ご縁がございましたら、宜しくお願い致します
状態
完了
完了
報酬モルコイン
金:0枚 銀:0枚 銅:1枚
金:0枚 銀:0枚 銅:1枚
相談日数
7日
7日
参加費
50LP
50LP
参加人数
36/∞
36/∞
公開日
2016年09月15日
2016年09月15日
■メイン参加者 36人■

⚫︎
「わーい! おっちゃんとエータちゃんと海だー!」
やっと宿題を殺した工藤・奏空(CL2000955)は、浜辺を駆けていく。
「よっしゃー、海行くぞー!! 遊び倒すぞ!」
その後ろを、まるで兄弟のように駆けていくのは、十河 瑛太(CL2000437)だ。
更に更に、その後ろを歩いて来るのは緒形 逝(CL2000156)。今日の保護者ポジである。
瑛太と逝と言えば、昨年は彼女に泳ぎを教えていたときだ。その教えが実ったか、今日の瑛太は水を恐れないという形で進化している。
「海好きねえ、エータは病院住まいだから仕方無いとしても……2人共、あんまり離れるんじゃないわよ!」
瑛太は逝へ向かって、舌を出しながら目じりを指で引っ張ったのち、奏空の腕に絡みつくように抱いて。
「何だよ! 足つらねーし、ンな遠くに行かねえよ。工藤もいるだろ! 平気だって!!」
「エータちゃんは泳げる? 浮輪とか大丈夫?」
「お前もか工藤!!」
奏空の自覚の無い子ども扱いに、瑛太は少し唇を尖らせたものの、もういい! と奏空を海のなかへと引きずり込んでいく。
「欲しいもの買ってあげないぞぅ?」
と意地悪く逝は言ってみるのだが、どうせ買ってしまうんだけどねえと心中で自分に自分を苦笑いである。なお、欲しいもの買ってあげないという言葉に反応したのは瑛太もそうだが、奏空も心のなかで「ええ!?」と思っていたとか。
暫く、きゃあきゃあと遊んでから。
「スイカ割り!」
奏空は頭くらいに大きな西瓜を、地面に置いた。
「鉄板だろ!!」
瑛太は笑いながら棒をどこからか回収してきていた。
最初は奏空がやってみるのだが、あっちだこっちだと瑛太の指示は的確でも、中々調整は難しいもの。
「わっはー、なかなか難しいねえ~」
なんて照れながらも、外れて西瓜の隣にくぼみができた砂をつついた。ハズレである。
刹那、覚醒を果たした逝の腕。
奏空と瑛太は、覚醒のときに僅かに発生した暴風に髪の毛が流されている。その際、サッと逝は目隠しをした。
「……エータ! 悪食を預かってておくれ。
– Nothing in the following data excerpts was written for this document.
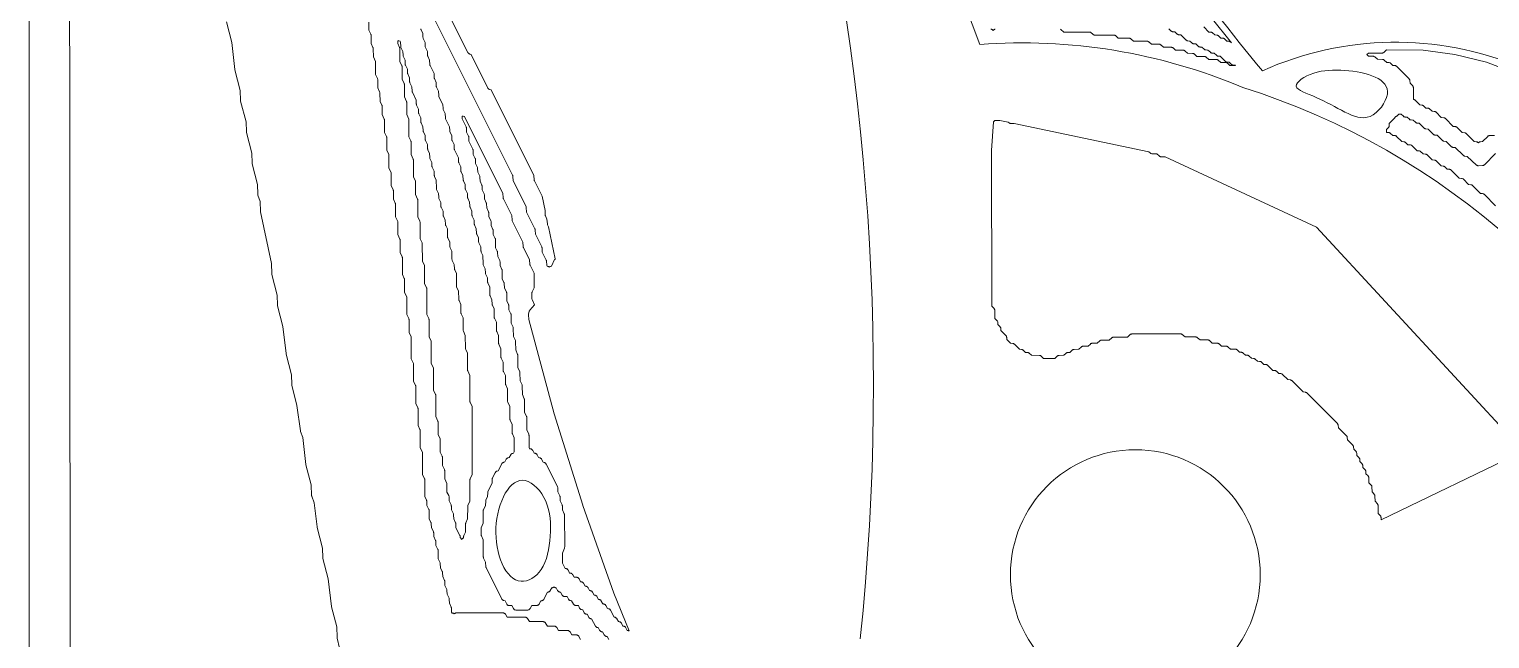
# Model space of a CAD drawing. Header units: inches. Extents: x 36 to 190, y -75 to 56.
# Drawn here: x 36.25 to 49.11, y 30.96 to 36.32 of the extents above; entities that cross this region are included whole.
import ezdxf

# ---------------------------------------------------------------- set-up
doc = ezdxf.new("R2010")
doc.units = ezdxf.units.IN
for name, color, linetype, lineweight in [('01_ORIGINAL_CAD', 7, 'CONTINUOUS', 20), ('02_APPROVED_PDF_OUTLINES', 7, 'CONTINUOUS', 15), ('03_ADDED_AREAS_SAME_COMPOSITION', 7, 'CONTINUOUS', 15)]:
    doc.layers.add(name, color=color, linetype=linetype, lineweight=lineweight)

# ---------------------------------------------------------------- blocks, each defined once
blk = doc.blocks.new('01_SCALLOP')
at = {"layer": '01_ORIGINAL_CAD'}
blk.add_line((36.248, 17.906), (36.248, 55.9), dxfattribs=at)
for points in [[(45.692, 38.109, 0.060935), (47.109, 35.956, -0.206423), (49.375, 35.99)], [(46.935, 35.809, 0.119192), (44.621, 36.188), (44.283, 37.084)]]:
    blk.add_lwpolyline(points, format="xyb", dxfattribs=at)
blk.add_circle((45.989, 31.521), 1.1, dxfattribs=at)
for centre, radius, start, end in [((22.064, 33.195), 21.619, 354.0583, 36.0319), ((44.996, 29.643), 6.464, 23.734, 72.5429)]:
    blk.add_arc(centre, radius, start, end, dxfattribs=at)
at = {"layer": '02_APPROVED_PDF_OUTLINES'}
for points in [[(46.283, 36.326), (46.304, 36.306), (46.307, 36.304), (46.31, 36.302), (46.313, 36.301), (46.317, 36.3), (46.32, 36.299), (46.337, 36.299), (46.357, 36.279), (46.36, 36.277), (46.363, 36.275), (46.366, 36.274), (46.37, 36.273), (46.373, 36.273), (46.39, 36.272), (46.437, 36.226), (46.439, 36.224), (46.442, 36.222), (46.444, 36.221), (46.447, 36.22), (46.45, 36.219), (46.453, 36.219), (46.47, 36.218), (46.487, 36.201), (46.49, 36.199), (46.493, 36.197), (46.496, 36.195), (46.499, 36.194), (46.503, 36.194), (46.523, 36.192), (46.543, 36.172), (46.546, 36.17), (46.549, 36.168), (46.552, 36.167), (46.556, 36.166), (46.559, 36.165), (46.576, 36.165), (46.596, 36.145), (46.599, 36.143), (46.602, 36.141), (46.606, 36.14), (46.609, 36.139), (46.613, 36.139), (46.629, 36.138), (46.65, 36.119), (46.652, 36.116), (46.655, 36.114), (46.659, 36.113), (46.662, 36.112), (46.666, 36.112), (46.682, 36.111), (46.703, 36.092), (46.706, 36.09), (46.709, 36.088), (46.712, 36.086), (46.715, 36.085), (46.719, 36.085), (46.735, 36.084), (46.779, 36.04), (46.782, 36.038), (46.785, 36.036), (46.788, 36.034), (46.791, 36.033), (46.795, 36.033), (46.815, 36.031), (46.833, 36.013), (46.835, 36.011), (46.838, 36.009), (46.841, 36.008), (46.845, 36.007), (46.848, 36.006), (46.868, 36.004), (46.872, 36.001), (46.869, 36.002), (46.865, 36.002), (46.862, 36.003), (46.822, 36.003), (46.802, 36.022), (46.8, 36.024), (46.797, 36.025), (46.794, 36.027), (46.791, 36.028), (46.788, 36.028), (46.785, 36.028), (46.742, 36.029), (46.719, 36.05), (46.717, 36.052), (46.714, 36.053), (46.711, 36.054), (46.708, 36.055), (46.705, 36.056), (46.702, 36.056), (46.636, 36.056), (46.613, 36.077), (46.61, 36.078), (46.608, 36.08), (46.605, 36.081), (46.602, 36.082), (46.599, 36.083), (46.596, 36.083), (46.53, 36.083), (46.51, 36.102), (46.508, 36.104), (46.505, 36.106), (46.502, 36.107), (46.499, 36.108), (46.496, 36.109), (46.493, 36.109), (46.45, 36.11), (46.427, 36.13), (46.424, 36.132), (46.422, 36.134), (46.419, 36.135), (46.416, 36.136), (46.413, 36.136), (46.41, 36.136), (46.343, 36.137), (46.321, 36.157), (46.318, 36.159), (46.316, 36.16), (46.313, 36.162), (46.31, 36.162), (46.307, 36.163), (46.304, 36.163), (46.237, 36.163), (46.214, 36.184), (46.212, 36.185), (46.209, 36.187), (46.207, 36.188), (46.204, 36.189), (46.201, 36.19), (46.198, 36.19), (46.131, 36.19), (46.108, 36.21), (46.106, 36.212), (46.103, 36.214), (46.1, 36.215), (46.098, 36.216), (46.095, 36.217), (46.092, 36.217), (45.972, 36.217), (45.949, 36.237), (45.946, 36.239), (45.944, 36.241), (45.941, 36.242), (45.938, 36.243), (45.935, 36.243), (45.932, 36.243), (45.839, 36.244), (45.816, 36.264), (45.814, 36.266), (45.811, 36.267), (45.808, 36.269), (45.805, 36.269), (45.802, 36.27), (45.799, 36.27), (45.626, 36.27), (45.6, 36.291), (45.597, 36.293), (45.594, 36.295), (45.591, 36.296), (45.587, 36.297), (45.584, 36.297), (45.36, 36.297), (45.334, 36.318), (45.332, 36.32), (45.329, 36.322)], [(44.755, 36.322), (44.752, 36.321), (44.749, 36.32), (44.746, 36.318), (44.736, 36.311), (44.731, 36.315), (44.728, 36.318), (44.725, 36.319), (44.722, 36.321), (44.718, 36.322)], [(46.658, 36.425), (46.835, 36.203), (46.828, 36.21), (46.825, 36.212), (46.822, 36.214), (46.819, 36.215), (46.816, 36.216), (46.812, 36.216), (46.795, 36.217), (46.775, 36.236), (46.772, 36.239), (46.769, 36.24), (46.766, 36.242), (46.763, 36.243), (46.759, 36.243), (46.742, 36.244), (46.722, 36.263), (46.719, 36.265), (46.716, 36.267), (46.713, 36.269), (46.709, 36.27), (46.706, 36.27), (46.689, 36.271), (46.669, 36.29), (46.666, 36.292), (46.663, 36.294), (46.66, 36.295), (46.656, 36.296), (46.653, 36.297), (46.636, 36.297), (46.592, 36.342)], [(49.153, 35.387), (49.11, 35.386), (49.107, 35.386), (49.104, 35.385), (49.101, 35.384), (49.098, 35.383), (49.095, 35.381), (49.093, 35.379), (49.046, 35.333), (49.03, 35.332), (49.026, 35.332), (49.023, 35.331), (49.02, 35.33), (49.017, 35.328), (49.014, 35.326), (49.01, 35.322), (49.006, 35.326), (49.004, 35.328), (49.001, 35.33), (48.997, 35.331), (48.994, 35.332), (48.99, 35.332), (48.974, 35.333), (48.906, 35.402), (48.903, 35.404), (48.901, 35.406), (48.898, 35.407), (48.895, 35.409), (48.891, 35.409), (48.869, 35.412), (48.824, 35.458), (48.821, 35.46), (48.818, 35.462), (48.815, 35.463), (48.812, 35.464), (48.808, 35.465), (48.789, 35.467), (48.72, 35.536), (48.717, 35.538), (48.714, 35.54), (48.712, 35.542), (48.709, 35.543), (48.705, 35.543), (48.683, 35.546), (48.638, 35.592), (48.635, 35.594), (48.632, 35.596), (48.629, 35.597), (48.625, 35.598), (48.622, 35.599), (48.602, 35.601), (48.581, 35.62), (48.579, 35.623), (48.575, 35.624), (48.572, 35.626), (48.569, 35.627), (48.565, 35.627), (48.548, 35.628), (48.528, 35.647), (48.525, 35.649), (48.522, 35.651), (48.519, 35.653), (48.516, 35.654), (48.512, 35.654), (48.496, 35.655), (48.451, 35.699), (48.449, 35.701), (48.446, 35.703), (48.443, 35.704), (48.44, 35.705), (48.439, 35.706), (48.438, 35.809), (48.437, 35.812), (48.437, 35.815), (48.436, 35.818), (48.434, 35.821), (48.433, 35.823), (48.431, 35.826), (48.411, 35.847), (48.407, 35.871), (48.407, 35.874), (48.406, 35.877), (48.404, 35.88), (48.402, 35.882), (48.4, 35.885), (48.292, 35.994), (48.289, 35.996), (48.286, 35.998), (48.283, 36), (48.28, 36.001), (48.276, 36.001), (48.256, 36.003), (48.235, 36.023), (48.233, 36.025), (48.23, 36.027), (48.226, 36.028), (48.223, 36.029), (48.219, 36.03), (48.203, 36.03), (48.182, 36.049), (48.18, 36.051), (48.177, 36.053), (48.175, 36.054), (48.172, 36.055), (48.169, 36.056), (48.166, 36.056), (48.122, 36.057), (48.099, 36.078), (48.097, 36.08), (48.094, 36.081), (48.092, 36.082), (48.089, 36.083), (48.086, 36.084), (48.083, 36.084), (48.043, 36.084), (48.029, 36.098), (48.043, 36.112), (48.162, 36.112), (48.165, 36.112), (48.168, 36.113), (48.171, 36.114), (48.174, 36.115), (48.176, 36.116), (48.179, 36.118), (48.201, 36.139), (48.523, 36.137), (48.804, 36.098), (49.081, 36.031), (49.234, 35.974)], [(49.162, 34.768), (49.064, 34.867), (49.061, 34.87), (49.058, 34.871), (49.055, 34.873), (49.052, 34.874), (49.048, 34.875), (49.029, 34.876), (48.96, 34.946), (48.957, 34.948), (48.955, 34.95), (48.952, 34.951), (48.949, 34.952), (48.945, 34.953), (48.923, 34.956), (48.878, 35.001), (48.875, 35.004), (48.872, 35.006), (48.869, 35.007), (48.865, 35.008), (48.862, 35.009), (48.842, 35.01), (48.771, 35.082), (48.769, 35.084), (48.766, 35.086), (48.763, 35.087), (48.759, 35.088), (48.756, 35.089), (48.736, 35.091), (48.715, 35.11), (48.712, 35.113), (48.709, 35.115), (48.706, 35.116), (48.702, 35.117), (48.699, 35.117), (48.683, 35.118), (48.638, 35.162), (48.636, 35.165), (48.633, 35.166), (48.63, 35.168), (48.626, 35.169), (48.623, 35.169), (48.603, 35.171), (48.559, 35.216), (48.556, 35.218), (48.553, 35.22), (48.55, 35.222), (48.547, 35.223), (48.543, 35.223), (48.523, 35.225), (48.502, 35.245), (48.5, 35.247), (48.497, 35.249), (48.493, 35.25), (48.49, 35.251), (48.486, 35.251), (48.47, 35.252), (48.426, 35.296), (48.423, 35.299), (48.42, 35.3), (48.417, 35.302), (48.414, 35.303), (48.41, 35.304), (48.39, 35.305), (48.369, 35.325), (48.367, 35.327), (48.364, 35.329), (48.36, 35.33), (48.357, 35.331), (48.353, 35.332), (48.337, 35.333), (48.29, 35.378), (48.288, 35.38), (48.285, 35.382), (48.282, 35.383), (48.28, 35.384), (48.277, 35.385), (48.274, 35.385), (48.257, 35.386), (48.237, 35.405), (48.234, 35.408), (48.231, 35.409), (48.228, 35.411), (48.224, 35.412), (48.22, 35.412), (48.204, 35.413), (48.2, 35.417), (48.2, 35.438), (48.219, 35.458), (48.221, 35.461), (48.223, 35.464), (48.224, 35.467), (48.225, 35.471), (48.226, 35.474), (48.226, 35.491), (48.27, 35.536), (48.272, 35.538), (48.274, 35.541), (48.276, 35.544), (48.277, 35.547), (48.277, 35.55), (48.277, 35.551), (48.278, 35.551), (48.281, 35.552), (48.284, 35.553), (48.287, 35.554), (48.29, 35.556), (48.292, 35.558), (48.309, 35.575), (48.33, 35.575), (48.35, 35.556), (48.352, 35.554), (48.355, 35.552), (48.359, 35.551), (48.362, 35.55), (48.366, 35.549), (48.382, 35.549), (48.403, 35.529), (48.405, 35.527), (48.408, 35.525), (48.412, 35.524), (48.415, 35.523), (48.419, 35.523), (48.436, 35.522), (48.456, 35.503), (48.459, 35.5), (48.462, 35.499), (48.465, 35.497), (48.468, 35.496), (48.472, 35.496), (48.488, 35.495), (48.532, 35.451), (48.535, 35.449), (48.538, 35.447), (48.541, 35.445), (48.545, 35.444), (48.548, 35.444), (48.568, 35.442), (48.612, 35.397), (48.615, 35.395), (48.618, 35.393), (48.621, 35.392), (48.624, 35.391), (48.628, 35.39), (48.647, 35.388), (48.692, 35.344), (48.695, 35.341), (48.697, 35.339), (48.701, 35.338), (48.704, 35.337), (48.707, 35.336), (48.727, 35.335), (48.774, 35.288), (48.777, 35.286), (48.779, 35.285), (48.782, 35.283), (48.785, 35.282), (48.788, 35.282), (48.791, 35.281), (48.807, 35.281), (48.876, 35.212), (48.878, 35.209), (48.881, 35.208), (48.884, 35.206), (48.887, 35.205), (48.89, 35.204), (48.913, 35.201), (48.993, 35.126), (48.996, 35.124), (48.999, 35.122), (49.002, 35.121), (49.005, 35.12), (49.009, 35.119), (49.012, 35.119), (49.047, 35.122), (49.051, 35.122), (49.054, 35.123), (49.057, 35.125), (49.06, 35.127), (49.063, 35.129), (49.16, 35.227)]]:
    blk.add_lwpolyline(points, dxfattribs=at)
blk.add_lwpolyline([(44.752, 35.519), (44.795, 35.519), (44.869, 35.503), (44.878, 35.497), (44.88, 35.495), (44.883, 35.494), (44.886, 35.493), (44.889, 35.492), (44.892, 35.492), (44.923, 35.492), (46.109, 35.244), (46.124, 35.231), (46.127, 35.229), (46.13, 35.227), (46.134, 35.226), (46.137, 35.225), (46.14, 35.225), (46.18, 35.225), (46.2, 35.206), (46.202, 35.204), (46.205, 35.202), (46.208, 35.201), (46.211, 35.2), (46.214, 35.199), (46.217, 35.199), (46.253, 35.198), (47.585, 34.579), (49.409, 32.608), (48.153, 32.003), (48.153, 32.025), (48.152, 32.028), (48.152, 32.031), (48.151, 32.033), (48.15, 32.036), (48.148, 32.039), (48.146, 32.041), (48.127, 32.061), (48.127, 32.129), (48.127, 32.132), (48.126, 32.136), (48.125, 32.139), (48.123, 32.142), (48.121, 32.145), (48.1, 32.168), (48.099, 32.212), (48.099, 32.215), (48.098, 32.218), (48.097, 32.221), (48.096, 32.224), (48.094, 32.227), (48.093, 32.229), (48.074, 32.249), (48.073, 32.293), (48.072, 32.296), (48.072, 32.299), (48.071, 32.302), (48.069, 32.305), (48.068, 32.307), (48.066, 32.309), (48.047, 32.33), (48.046, 32.373), (48.046, 32.376), (48.045, 32.379), (48.044, 32.382), (48.043, 32.385), (48.041, 32.388), (48.039, 32.39), (48.02, 32.41), (48.019, 32.428), (48.019, 32.431), (48.018, 32.435), (48.017, 32.438), (48.015, 32.441), (48.013, 32.444), (47.993, 32.464), (47.993, 32.481), (47.992, 32.485), (47.991, 32.488), (47.99, 32.491), (47.988, 32.494), (47.986, 32.497), (47.967, 32.518), (47.966, 32.535), (47.966, 32.538), (47.965, 32.542), (47.963, 32.545), (47.961, 32.548), (47.959, 32.551), (47.94, 32.571), (47.939, 32.589), (47.939, 32.592), (47.938, 32.596), (47.937, 32.599), (47.935, 32.602), (47.933, 32.605), (47.913, 32.626), (47.911, 32.646), (47.911, 32.649), (47.91, 32.653), (47.908, 32.656), (47.906, 32.659), (47.904, 32.661), (47.859, 32.707), (47.856, 32.73), (47.855, 32.733), (47.854, 32.736), (47.853, 32.739), (47.851, 32.742), (47.849, 32.744), (47.779, 32.814), (47.776, 32.837), (47.775, 32.84), (47.774, 32.843), (47.773, 32.846), (47.771, 32.849), (47.769, 32.851), (47.503, 33.12), (47.501, 33.122), (47.498, 33.124), (47.495, 33.125), (47.492, 33.126), (47.489, 33.127), (47.466, 33.13), (47.368, 33.229), (47.365, 33.231), (47.362, 33.233), (47.359, 33.234), (47.356, 33.235), (47.352, 33.236), (47.333, 33.238), (47.285, 33.284), (47.283, 33.286), (47.281, 33.288), (47.278, 33.289), (47.275, 33.29), (47.272, 33.291), (47.269, 33.291), (47.252, 33.292), (47.232, 33.311), (47.229, 33.313), (47.226, 33.315), (47.223, 33.317), (47.219, 33.318), (47.216, 33.318), (47.199, 33.319), (47.155, 33.363), (47.153, 33.365), (47.15, 33.367), (47.147, 33.369), (47.143, 33.37), (47.14, 33.37), (47.12, 33.372), (47.099, 33.392), (47.096, 33.394), (47.093, 33.396), (47.09, 33.397), (47.086, 33.398), (47.083, 33.398), (47.066, 33.399), (47.046, 33.418), (47.043, 33.421), (47.04, 33.422), (47.037, 33.424), (47.033, 33.425), (47.03, 33.425), (47.013, 33.426), (46.993, 33.445), (46.99, 33.447), (46.987, 33.449), (46.984, 33.451), (46.98, 33.452), (46.977, 33.452), (46.96, 33.453), (46.94, 33.472), (46.937, 33.474), (46.934, 33.476), (46.931, 33.477), (46.927, 33.478), (46.924, 33.479), (46.907, 33.479), (46.886, 33.499), (46.884, 33.501), (46.882, 33.502), (46.879, 33.504), (46.876, 33.505), (46.873, 33.505), (46.87, 33.506), (46.827, 33.506), (46.807, 33.525), (46.804, 33.527), (46.802, 33.529), (46.799, 33.53), (46.796, 33.531), (46.793, 33.532), (46.79, 33.532), (46.747, 33.533), (46.727, 33.552), (46.725, 33.554), (46.722, 33.556), (46.719, 33.557), (46.717, 33.558), (46.713, 33.559), (46.71, 33.559), (46.667, 33.56), (46.644, 33.58), (46.642, 33.582), (46.639, 33.584), (46.636, 33.585), (46.633, 33.586), (46.63, 33.587), (46.627, 33.587), (46.561, 33.587), (46.538, 33.607), (46.535, 33.609), (46.533, 33.611), (46.53, 33.612), (46.527, 33.613), (46.524, 33.613), (46.521, 33.614), (46.427, 33.614), (46.401, 33.635), (46.398, 33.637), (46.395, 33.638), (46.392, 33.64), (46.389, 33.64), (46.385, 33.641), (45.961, 33.64), (45.957, 33.64), (45.954, 33.639), (45.951, 33.638), (45.948, 33.637), (45.945, 33.635), (45.919, 33.613), (45.798, 33.613), (45.795, 33.613), (45.793, 33.612), (45.79, 33.611), (45.787, 33.61), (45.784, 33.609), (45.782, 33.607), (45.759, 33.586), (45.692, 33.586), (45.689, 33.586), (45.686, 33.585), (45.683, 33.584), (45.681, 33.583), (45.678, 33.582), (45.676, 33.58), (45.653, 33.559), (45.609, 33.558), (45.606, 33.558), (45.603, 33.557), (45.6, 33.556), (45.598, 33.555), (45.595, 33.553), (45.593, 33.551), (45.573, 33.532), (45.53, 33.531), (45.527, 33.531), (45.524, 33.531), (45.521, 33.53), (45.518, 33.528), (45.516, 33.526), (45.513, 33.525), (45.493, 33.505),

攻撃に必要なのは正確性と充分な威力だ」
「はぁ?!預かるのは良いけどちょっと待ておっさん、何で知ってるんだよ!」
なお、悪食は奏空を食べたそうにしていた。その時、逝の指が二本揃えられて眉間の辺りに触れる。言葉は無く、しかし驚異の集中を見せつつ、何かを気取ったとき。逝の身体、いや、その腕が一閃、空中を割いていく。刹那、爆発したように赤色の中身を飛び出させ、最早何であったかもわからないほどに砕けた西瓜。
「ななな……何が起こったの? もうーおっちゃん、粉々すぎて食べる部分ないじゃんかーっ」
「つうか、おっさんが全力でやったらダメだろそれええええ!!!」
「ははは」
鐡之蔵 禊(CL2000029)は水着に、拳を突き上げながら、焼き上げてくるような太陽を見上げた。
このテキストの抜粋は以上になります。